On December of 2015, Many Canadians were shocked to hear about Gord Downie’s diagnosis of an incurable brain tumour. As the frontman of the Tragically Hip, Downie has touched many hearts with his poetic lyrics and his subtle yet charismatic presence. Unashamed of their Canadian Identity, many consider the Tragically Hip as much a part of Canada’s Zeitgeist as is Hockey or the Maple Leaf. In fact, many consider this band Canada’s best kept secret. And with little time left, Downie and his bandmates travelled across the country to say goodbye to their millions of fans. That tour serves as the centrepiece for Long Time Running, a loving and sombre tribute to this band.
The journey to the final tour was one of great struggle and hesitation. After a temporal lobectomy and 6 weeks of surgery, Downie was so weak he couldn’t even remember names, let alone lyrics. When they started rehearsals, the band was understandably worried about Downie suffering a seizure or forgetting the lyrics. Even guitarist Rob Baker admitted “I didn’t think there was a chance in hell we were going to make the tour.” There were precautions made, from Downie reading the lyrics via monitors to Downie being carried onstage. Still, as bassist Ben Sinclair said “If [Downie] wanted to quit, we were willing to shut it down.”
But once Gord Downie stepped on the stage in Victoria and sang “Blow at High Dough,” we saw the charismatic powerhouse who commanded the audience with love. From these live performances, Downie, Baker, guitarist Paul Langlois, bassist Ben Sinclair and drummer Johnny Fay revealed the spiritual link that kept them in sync with each other. From the tears in the audiences’ eyes, you come to understand how special this band was to them. Through this tour, everyone involved realized this tour was bigger than all of them. This wasn’t just any tour and The Tragically Hip wasn’t just any rock band. This was a farewell to the group who has come to embody Canadian Music. Downie himself summed it up perfectly when he asked “How many people get to turn the lights off? How many get to say Goodbye.”

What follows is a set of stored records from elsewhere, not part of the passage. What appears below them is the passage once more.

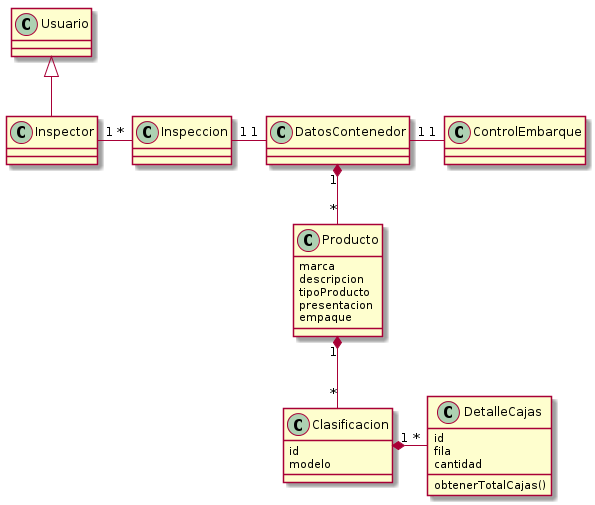

The diagram above was rendered by PlantUML. Its source (embedded in the PNG):
@startuml

class Usuario{
}

class Inspector{
}

class Inspeccion{
}

class DatosContenedor{
}

class Producto{
	marca
	descripcion
	tipoProducto
	presentacion
	empaque
}

class Clasificacion{
	id
	modelo
}

class ControlEmbarque{
}

class DetalleCajas{
	id
	fila
	cantidad
	obtenerTotalCajas()
}

Usuario <|-- Inspector

'Relaciones
Inspector "1" -right- "*" Inspeccion
Inspeccion "1" -right- "1" DatosContenedor
DatosContenedor "1" *-down- "*" Producto
Producto "1" *-down- "*" Clasificacion
DatosContenedor "1" -right- "1" ControlEmbarque
Clasificacion "1" *-right- "*" DetalleCajas

'ControlEmbarque .down.> DetalleCajas

@enduml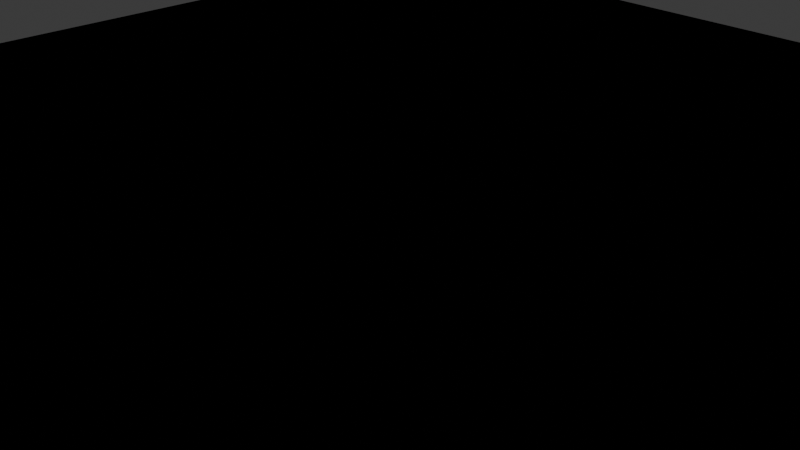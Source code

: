 # Source: floor.blend  (saved by Blender 4.3.34; exported with 4.5.12 LTS)
import bpy
from mathutils import Matrix  # noqa: F401  (used for matrix-valued properties, if any)

bpy.ops.wm.read_factory_settings(use_empty=True)
scene = bpy.context.scene
scene.name = 'Scene'

# ---- collections
col_collection = bpy.data.collections.new('Collection'); scene.collection.children.link(col_collection)

# ---- images (referenced by path relative to the original .blend; pixels are not part of the script)
import os
ASSET_DIR = os.environ.get("B2B_ASSET_DIR", "")  # directory of the original .blend (textures are referenced by path, not embedded)
HERE = os.path.dirname(os.path.abspath(__file__))  # packed textures are extracted next to this script under _unpacked/

def load_image(name, relpath, width, height, colorspace="sRGB"):
    """Load a texture the original file referenced (path relative to the .blend, or extracted next to this script)."""
    p = next((c for c in (os.path.join(HERE, relpath), os.path.join(ASSET_DIR, relpath)) if relpath and os.path.exists(c)), "")
    if p:
        img = bpy.data.images.load(p, check_existing=True)
        img.name = name
    else:  # same state as the original file: an image datablock whose file is absent (Cycles renders it pink)
        img = bpy.data.images.new(name, width, height)
        img.source = "FILE"
        img.filepath = "//" + (relpath or name)
    img.colorspace_settings.name = colorspace
    return img
img_wood_png = load_image('wood.png', 'wood.png', 1024, 1024, 'sRGB')

# ---- materials (node trees are filled in below, after node groups)
mat_x = bpy.data.materials.new('材质')

# ---- material node trees
mat_x.use_nodes = True; mat_x.node_tree.nodes.clear()
_N = mat_x.node_tree.nodes; _L = mat_x.node_tree.links
n0 = _N.new('ShaderNodeBsdfPrincipled'); n0.name = '原理化 BSDF'; n0.location = (10, 300)
n0.inputs[3].default_value = 1.0
n1 = _N.new('ShaderNodeOutputMaterial'); n1.name = '材质输出'; n1.location = (300, 300)
n2 = _N.new('ShaderNodeTexImage'); n2.name = '图像纹理'; n2.location = (-299, 301)
n2.image = img_wood_png
_L.new(n0.outputs[0], n1.inputs[0])
_L.new(n2.outputs[0], n0.inputs[0])
n1.is_active_output = True

# ---- world
world_world = bpy.data.worlds.new('World'); scene.world = world_world
world_world.use_nodes = True; world_world.node_tree.nodes.clear()
_N = world_world.node_tree.nodes; _L = world_world.node_tree.links
n0 = _N.new('ShaderNodeOutputWorld'); n0.name = 'World Output'; n0.location = (300, 300)
n1 = _N.new('ShaderNodeBackground'); n1.name = 'Background'; n1.location = (10, 300)
n1.inputs[0].default_value = (0.05088, 0.05088, 0.05088, 1.0)
_L.new(n1.outputs[0], n0.inputs[0])
n0.is_active_output = True
world_world.color = (0.05088, 0.05088, 0.05088)
world_world.sun_shadow_jitter_overblur = 0.0

# ---- cameras
cam_camera = bpy.data.cameras.new('Camera')
cam_camera.clip_end = 100.0
cam_camera.ortho_scale = 7.314

# ---- lights
light_light = bpy.data.lights.new('Light', 'POINT')
light_light.energy = 1000.0
light_light.shadow_soft_size = 0.1

# ---- meshes
me_floor = bpy.data.meshes.new('floor')
me_floor.from_pydata([(10.0, -0.5, 10.0), (-10.0, -0.5, 10.0), (-10.0, -0.5, -10.0), (10.0, -0.5, -10.0)], [], [(0, 1, 2), (0, 2, 3)])
me_floor.polygons.foreach_set('use_smooth', [True] * 2)
_uv = me_floor.uv_layers.new(name='UVMap')
_uv.uv.foreach_set('vector', [10.0, 0.0, 0.0, 0.0, 0.0, 10.0, 10.0, 0.0, 0.0, 10.0, 10.0, 10.0])
me_floor.materials.append(mat_x)
me_floor.update()
me_floor.normals_split_custom_set([tuple(v) for v in zip(*[iter([2.088e-12, 1.0, -4.777e-05, 4.777e-05, 1.0, 2.088e-12, -2.088e-12, 1.0, 4.777e-05, 2.088e-12, 1.0, -4.777e-05, -2.088e-12, 1.0, 4.777e-05, -4.777e-05, 1.0, -2.088e-12])] * 3)])

# ---- objects
ob_light = bpy.data.objects.new('Light', light_light)
ob_camera = bpy.data.objects.new('Camera', cam_camera)
ob_floor = bpy.data.objects.new('floor', me_floor)

# ---- transforms, parenting, visibility, modifiers, constraints
ob_light.location = (4.076, 1.005, 5.904)
ob_light.rotation_euler = (0.6503, 0.05522, 1.866)
ob_light.lock_rotations_4d = False
ob_light.empty_display_type = 'ARROWS'
ob_light.color = (0.0, 0.0, 0.0, 0.0)
ob_light.lineart.crease_threshold = 0.0
ob_camera.location = (7.359, -6.926, 4.958)
ob_camera.rotation_euler = (1.109, 0.0, 0.8149)
ob_camera.lock_rotations_4d = False
ob_camera.empty_display_type = 'ARROWS'
ob_camera.color = (0.0, 0.0, 0.0, 0.0)
ob_camera.display_type = 'WIRE'
ob_camera.lineart.crease_threshold = 0.0
ob_floor.location = (-7.451e-09, 0.0, 0.0)
ob_floor.rotation_euler = (1.571, -0.0, 0.0)
ob_floor.lock_location = (True, False, False)

# ---- collection membership
col_collection.objects.link(ob_light)
col_collection.objects.link(ob_camera)
col_collection.objects.link(ob_floor)

# ---- scene / render settings (as saved in the file)
scene.camera = ob_camera
scene.frame_start = 1; scene.frame_end = 250; scene.frame_set(1)
scene.render.engine = 'BLENDER_EEVEE_NEXT'
bpy.context.view_layer.update()

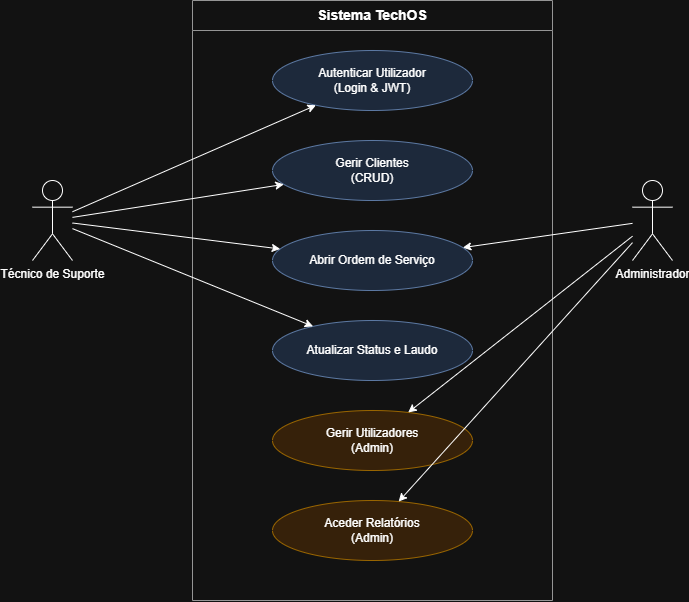

The diagram above was exported from draw.io. Its source (the exported page's mxGraphModel, read from the mxfile embedded in the PNG):
<mxGraphModel dx="1256" dy="617" grid="1" gridSize="10" guides="1" tooltips="1" connect="1" arrows="1" fold="1" page="1" pageScale="1" pageWidth="827" pageHeight="1169" math="0" shadow="0">
  <root>
    <mxCell id="0" />
    <mxCell id="1" parent="0" />
    <mxCell id="system" parent="1" style="swimlane;whiteSpace=wrap;html=1;fillColor=none;strokeColor=#666666;fontStyle=1;fontSize=14;startSize=30;" value="Sistema TechOS" vertex="1">
      <mxGeometry height="600" width="360" x="280" y="40" as="geometry" />
    </mxCell>
    <mxCell id="uc1" parent="system" style="ellipse;whiteSpace=wrap;html=1;fillColor=#dae8fc;strokeColor=#6c8ebf;" value="Autenticar Utilizador&#10;(Login &amp; JWT)" vertex="1">
      <mxGeometry height="60" width="200" x="80" y="50" as="geometry" />
    </mxCell>
    <mxCell id="uc2" parent="system" style="ellipse;whiteSpace=wrap;html=1;fillColor=#dae8fc;strokeColor=#6c8ebf;" value="Gerir Clientes&#10;(CRUD)" vertex="1">
      <mxGeometry height="60" width="200" x="80" y="140" as="geometry" />
    </mxCell>
    <mxCell id="uc3" parent="system" style="ellipse;whiteSpace=wrap;html=1;fillColor=#dae8fc;strokeColor=#6c8ebf;" value="Abrir Ordem de Serviço" vertex="1">
      <mxGeometry height="60" width="200" x="80" y="230" as="geometry" />
    </mxCell>
    <mxCell id="uc4" parent="system" style="ellipse;whiteSpace=wrap;html=1;fillColor=#dae8fc;strokeColor=#6c8ebf;" value="Atualizar Status e Laudo" vertex="1">
      <mxGeometry height="60" width="200" x="80" y="320" as="geometry" />
    </mxCell>
    <mxCell id="uc5" parent="system" style="ellipse;whiteSpace=wrap;html=1;fillColor=#ffe6cc;strokeColor=#d79b00;" value="Gerir Utilizadores&#10;(Admin)" vertex="1">
      <mxGeometry height="60" width="200" x="80" y="410" as="geometry" />
    </mxCell>
    <mxCell id="uc6" parent="system" style="ellipse;whiteSpace=wrap;html=1;fillColor=#ffe6cc;strokeColor=#d79b00;" value="Aceder Relatórios&#10;(Admin)" vertex="1">
      <mxGeometry height="60" width="200" x="80" y="500" as="geometry" />
    </mxCell>
    <mxCell id="actor_tech" parent="1" style="shape=umlActor;verticalLabelPosition=bottom;verticalAlign=top;html=1;outlineConnect=0;" value="Técnico de Suporte" vertex="1">
      <mxGeometry height="80" width="40" x="120" y="220" as="geometry" />
    </mxCell>
    <mxCell id="actor_admin" parent="1" style="shape=umlActor;verticalLabelPosition=bottom;verticalAlign=top;html=1;outlineConnect=0;" value="Administrador" vertex="1">
      <mxGeometry height="80" width="40" x="720" y="220" as="geometry" />
    </mxCell>
    <mxCell id="edge1" edge="1" parent="1" source="actor_tech" target="uc1">
      <mxGeometry relative="1" as="geometry" />
    </mxCell>
    <mxCell id="edge2" edge="1" parent="1" source="actor_tech" target="uc2">
      <mxGeometry relative="1" as="geometry" />
    </mxCell>
    <mxCell id="edge3" edge="1" parent="1" source="actor_tech" target="uc3">
      <mxGeometry relative="1" as="geometry" />
    </mxCell>
    <mxCell id="edge4" edge="1" parent="1" source="actor_tech" target="uc4">
      <mxGeometry relative="1" as="geometry" />
    </mxCell>
    <mxCell id="edge5" edge="1" parent="1" source="actor_admin" target="uc5">
      <mxGeometry relative="1" as="geometry" />
    </mxCell>
    <mxCell id="edge6" edge="1" parent="1" source="actor_admin" target="uc6">
      <mxGeometry relative="1" as="geometry" />
    </mxCell>
    <mxCell id="edge7" edge="1" parent="1" source="actor_admin" target="uc3">
      <mxGeometry relative="1" as="geometry" />
    </mxCell>
  </root>
</mxGraphModel>

The image of Downie strutting on stage with his feathered hat and glittering metallic suit is sure to become as iconic as Terry Fox or Wayne Gretzky. But that’s just a hint of the many iconic moments. Throughout the film, we see every process of preparation from rehearsals to the set up of drive in projection screens for live recordings. We even see the making of the hat, which cultivates in a heartfelt scene of designer Karyn Gingras attaching her favourite lyrics within the hat. Rarely do I discuss editing in a documentary, but the way editor Roland Schlimme superimposed the band’s early years with travelling pine trees is haunting in its beauty.
But the scene that stands out the most to me is footage of the band’s first day of rehearsal after Downie’s recovery. Seeing a bearded, frail Downie makes you understand why his bandmates were worried about him. Then Langlois plays “Escape is at Hand for the Travellin’ Man” and suddenly, we and the rest of the band are in suspense, waiting for Downie to remember the lyrics. Right now, I consider this my favourite scene of 2017.
It is with tragic circumstance that the Yellowknife International Film Festival presents this documentary a week after Gord Downie’s death. This documentary was made as a goodbye to a rock band that has captured the heart of Canadians. But now when the audience watches the band play “Ahead by a Century,” it will be done with the heartbreaking reminder of Gord Downie succumbing to the effects of his brain tumour. But at least he got to say farewell to his fans on his terms. As a fan from Phoenix puts it; “Rock N’ Roll is like a hot air balloon; eventually you come crashing down. I’ve never seen anyone land it safely.”
 Though that’s hard to defend when even the BBC’s reporting on Downie’s diagnosis and death.
 Yes, it even surpasses the fight scenes from John Wick: Chapter 2.